Der Ambo Der Ambo ist der Ort für die Verkündigung im Gottesdienst. Hier wird das Evangelium verlesen und durch die Predigt gedeutet für unser Leben. Das II. Vatikanische Konzil spricht mit Blick auf den Ambo auch vom „Tisch des Wortes". Hier empfangen die Gläubigen auf andere Weise Christus selbst; im verkündeten Wort ist Christus gegenwärtig, ist sein Hl. Geist wirksam.Dies wird auch auf der Vorderseite deutlich. Die Taube, das Symbol für Gottes Geist, steigt von unten zum Prediger auf. Wie Samenkörner oder Wassertropfen fallen Worte zur Erde, die Frucht bringen sollen. Der Sämann sät das Wort - so kann man vom Prediger sagen, in der Hoffnung, dass die Worte auf fruchtbaren Boden fallen.

Der Tabernakel Der Gedanke vom Weizenkom ist auch in der Gestaltung des Tabernakels aufgenommen und weitergeführt. Auf einer Rundsäule ist, gleichsam „im Weizenkom" der Ort der Aufbewahrung der Eucharistie ausgestellt. Die angedeuteten Wurzeln und Keimlinge deuten darauf hin, dass von der Mitte das Wachstum ausgeht. Geheimnisvoll, wie in einem Weizenkom, ist hier die göttliche Lebenskraft im Tabernakel verborgen. Das “ewige Licht" neben dem Tabernakel weist darauf hin, dass hier Jesus Christus im eucharistischen Brot gegenwärtig ist.

Die Mutter-Gottes-Statue Im Durchgang der Hauptkirche zur Werktagskapelle steht eine Statue der Gottesmutter Maria mit dem Jesuskind auf dem Arm. Die Haltung Mariens drückt die Erfurcht vor dem Kind aus, das sie trägt, darum wissend, dass es Gottes Sohn ist.

 

Die Taufkapelle Der Taufbrunnen steht rechts neben dem Haupteingang in der halbkreisförmigen Ausbuchtung. Oberhalb des Taufbrunnens beginnt das Fenster mit der Darstellung der Schöpfung. Weiterhin zu sehen sind dort die Stämme Israels, ihr Weg durch die Wüste, der Empfang der 10 Gebote und Szenen der Lebens- und Leidensgeschichte Jesu.

Als weitere Statue findet die hl. Barbara (Schutzpatronin der Bergleute) in der Kirche Platz, die der Gemeinde ihren Namen gab.

Die Seitenkirche oder Werktagskapelle Der Raum dieser Seitenkirche ist nach dem gleichen Grundriss gebaut wie die Kirche selbst. Eine kleine Schar erfährt sich hier ganz nah und deutlich als Gemeinde. Sie ist niemals isoliert, weil durch die große Öffnung zur Hauptkirche hin die Beziehung zur Sonntagsgemeinde und den Hauptaltar gegeben ist.

Die Orgelbühne mit der wohlklingenden Orgel (technische Daten leider nicht bekannt). Sie wurde zum größten Teil durch Spenden der Gläubigen und durch das Engagement der Sternsinger in den Sechziger Jahren finanziert.
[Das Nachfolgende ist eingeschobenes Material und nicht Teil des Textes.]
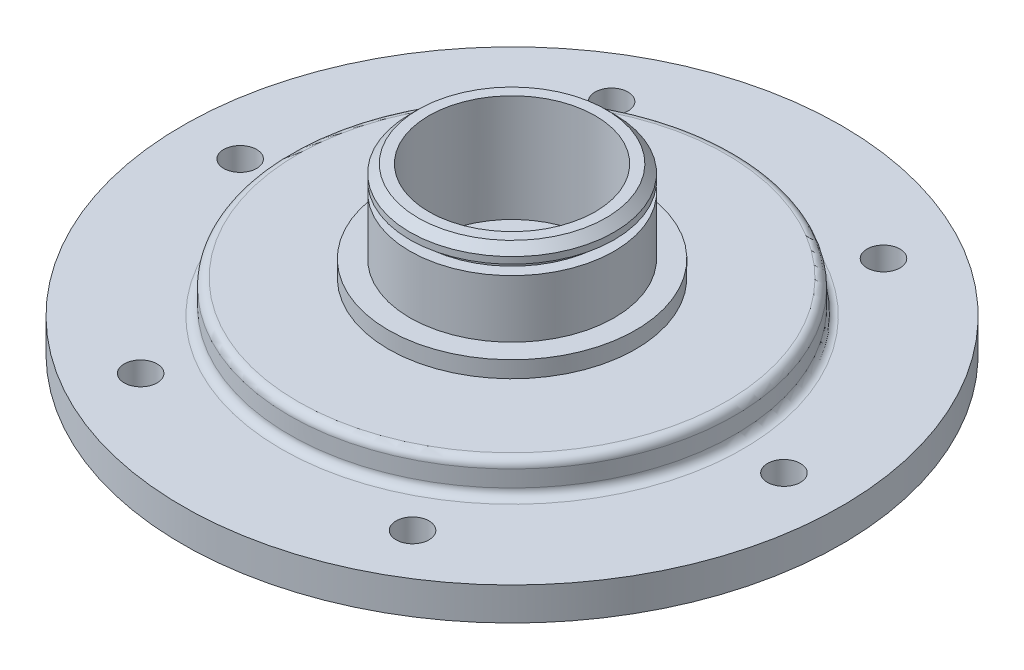
ISO-10303-21;
HEADER;
FILE_DESCRIPTION(('STEP AP214'),'2;1');
FILE_NAME('part.step','',(''),(''),'','','');
FILE_SCHEMA(('AUTOMOTIVE_DESIGN { 1 0 10303 214 1 1 1 1 }'));
ENDSEC;
DATA;
#1=APPLICATION_CONTEXT('core data for automotive mechanical design processes');
#2=APPLICATION_PROTOCOL_DEFINITION('international standard','automotive_design',2000,#1);
#3=PRODUCT_CONTEXT('',#1,'mechanical');
#4=PRODUCT('Part','Part','',(#3));
#5=PRODUCT_RELATED_PRODUCT_CATEGORY('part','',(#4));
#6=PRODUCT_DEFINITION_FORMATION('','',#4);
#7=PRODUCT_DEFINITION_CONTEXT('part definition',#1,'design');
#8=PRODUCT_DEFINITION('design','',#6,#7);
#9=PRODUCT_DEFINITION_SHAPE('','',#8);
#10=(LENGTH_UNIT() NAMED_UNIT(*) SI_UNIT(.MILLI.,.METRE.));
#11=(NAMED_UNIT(*) PLANE_ANGLE_UNIT() SI_UNIT($,.RADIAN.));
#12=(NAMED_UNIT(*) SI_UNIT($,.STERADIAN.) SOLID_ANGLE_UNIT());
#13=UNCERTAINTY_MEASURE_WITH_UNIT(LENGTH_MEASURE(1.E-05),#10,'distance_accuracy_value','');
#14=(GEOMETRIC_REPRESENTATION_CONTEXT(3) GLOBAL_UNCERTAINTY_ASSIGNED_CONTEXT((#13)) GLOBAL_UNIT_ASSIGNED_CONTEXT((#10,
#11,#12)) REPRESENTATION_CONTEXT('',''));
#15=CARTESIAN_POINT('',(0.,0.,0.));
#16=DIRECTION('',(0.,0.,1.));
#17=DIRECTION('',(1.,0.,0.));
#18=AXIS2_PLACEMENT_3D('',#15,#16,#17);
#19=CARTESIAN_POINT('',(0.,10.,0.));
#20=DIRECTION('',(0.,-1.,0.));
#21=DIRECTION('',(0.,0.,-1.));
#22=AXIS2_PLACEMENT_3D('',#19,#20,#21);
#23=CYLINDRICAL_SURFACE('',#22,10.1);
#24=CARTESIAN_POINT('',(0.,10.,0.));
#25=DIRECTION('',(0.,1.,0.));
#26=DIRECTION('',(0.,0.,1.));
#27=AXIS2_PLACEMENT_3D('',#24,#25,#26);
#28=CIRCLE('',#27,10.1);
#29=CARTESIAN_POINT('',(0.,10.,10.1));
#30=VERTEX_POINT('',#29);
#31=EDGE_CURVE('E83',#30,#30,#28,.T.);
#32=ORIENTED_EDGE('',*,*,#31,.T.);
#33=EDGE_LOOP('',(#32));
#34=FACE_BOUND('',#33,.T.);
#35=CARTESIAN_POINT('',(0.,-3.,0.));
#36=DIRECTION('',(0.,-1.,0.));
#37=DIRECTION('',(0.,0.,-1.));
#38=AXIS2_PLACEMENT_3D('',#35,#36,#37);
#39=CIRCLE('',#38,10.1);
#40=CARTESIAN_POINT('',(0.,-3.,-10.1));
#41=VERTEX_POINT('',#40);
#42=EDGE_CURVE('E68',#41,#41,#39,.T.);
#43=ORIENTED_EDGE('',*,*,#42,.T.);
#44=EDGE_LOOP('',(#43));
#45=FACE_BOUND('',#44,.T.);
#46=ADVANCED_FACE('F43',(#34,#45),#23,.F.);
#47=CARTESIAN_POINT('',(0.,10.,0.));
#48=DIRECTION('',(0.,-1.,0.));
#49=DIRECTION('',(0.,0.,-1.));
#50=AXIS2_PLACEMENT_3D('',#47,#48,#49);
#51=CYLINDRICAL_SURFACE('',#50,12.4);
#52=CARTESIAN_POINT('',(0.,0.,0.));
#53=DIRECTION('',(0.,1.,0.));
#54=DIRECTION('',(0.,0.,1.));
#55=AXIS2_PLACEMENT_3D('',#52,#53,#54);
#56=CIRCLE('',#55,12.4);
#57=CARTESIAN_POINT('',(0.,0.,12.4));
#58=VERTEX_POINT('',#57);
#59=EDGE_CURVE('E84',#58,#58,#56,.T.);
#60=ORIENTED_EDGE('',*,*,#59,.T.);
#61=EDGE_LOOP('',(#60));
#62=FACE_BOUND('',#61,.T.);
#63=CARTESIAN_POINT('',(0.,7.,0.));
#64=DIRECTION('',(0.,1.,0.));
#65=DIRECTION('',(0.,0.,1.));
#66=AXIS2_PLACEMENT_3D('',#63,#64,#65);
#67=CIRCLE('',#66,12.4);
#68=CARTESIAN_POINT('',(0.,7.,12.4));
#69=VERTEX_POINT('',#68);
#70=EDGE_CURVE('E135',#69,#69,#67,.T.);
#71=ORIENTED_EDGE('',*,*,#70,.F.);
#72=EDGE_LOOP('',(#71));
#73=FACE_BOUND('',#72,.T.);
#74=ADVANCED_FACE('F181',(#62,#73),#51,.T.);
#75=CARTESIAN_POINT('',(0.,10.,0.));
#76=DIRECTION('',(0.,1.,0.));
#77=DIRECTION('',(0.,0.,1.));
#78=AXIS2_PLACEMENT_3D('',#75,#76,#77);
#79=PLANE('',#78);
#80=CARTESIAN_POINT('',(0.,10.,0.));
#81=DIRECTION('',(0.,1.,0.));
#82=DIRECTION('',(0.,0.,1.));
#83=AXIS2_PLACEMENT_3D('',#80,#81,#82);
#84=CIRCLE('',#83,11.4);
#85=CARTESIAN_POINT('',(0.,10.,11.4));
#86=VERTEX_POINT('',#85);
#87=EDGE_CURVE('E80',#86,#86,#84,.T.);
#88=ORIENTED_EDGE('',*,*,#87,.T.);
#89=EDGE_LOOP('',(#88));
#90=FACE_BOUND('',#89,.T.);
#91=ORIENTED_EDGE('',*,*,#31,.F.);
#92=EDGE_LOOP('',(#91));
#93=FACE_BOUND('',#92,.T.);
#94=ADVANCED_FACE('F187',(#90,#93),#79,.T.);
#95=CARTESIAN_POINT('',(0.,9.00000000000001,0.));
#96=DIRECTION('',(0.,1.,0.));
#97=DIRECTION('',(0.,0.,1.));
#98=AXIS2_PLACEMENT_3D('',#95,#96,#97);
#99=CIRCLE('',#98,12.4);
#100=CARTESIAN_POINT('',(0.,9.00000000000001,12.4));
#101=VERTEX_POINT('',#100);
#102=EDGE_CURVE('E74',#101,#101,#99,.F.);
#103=ORIENTED_EDGE('',*,*,#102,.T.);
#104=EDGE_LOOP('',(#103));
#105=FACE_BOUND('',#104,.T.);
#106=CARTESIAN_POINT('',(0.,8.2,0.));
#107=DIRECTION('',(0.,1.,0.));
#108=DIRECTION('',(0.,0.,1.));
#109=AXIS2_PLACEMENT_3D('',#106,#107,#108);
#110=CIRCLE('',#109,12.4);
#111=CARTESIAN_POINT('',(0.,8.2,12.4));
#112=VERTEX_POINT('',#111);
#113=EDGE_CURVE('E132',#112,#112,#110,.T.);
#114=ORIENTED_EDGE('',*,*,#113,.T.);
#115=EDGE_LOOP('',(#114));
#116=FACE_BOUND('',#115,.T.);
#117=ADVANCED_FACE('F190',(#105,#116),#51,.T.);
#118=CARTESIAN_POINT('',(0.,0.,0.));
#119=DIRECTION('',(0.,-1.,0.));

Nikolaus Groß Gedächtnisstätte Dieses Andenken an den großen Arbeiterführer und Märtyrer wurde vor einigen Jahren in unserer Kirche feierlich der Gemeinde übergeben.

Nikolaus Groß wurde wegen seines Kampfes gegen die Diktatur des “dritten Reiches” von den Nazis hingerichtet. Zur Zeit findet der Seeligsprechungsprozess im Vatikan statt.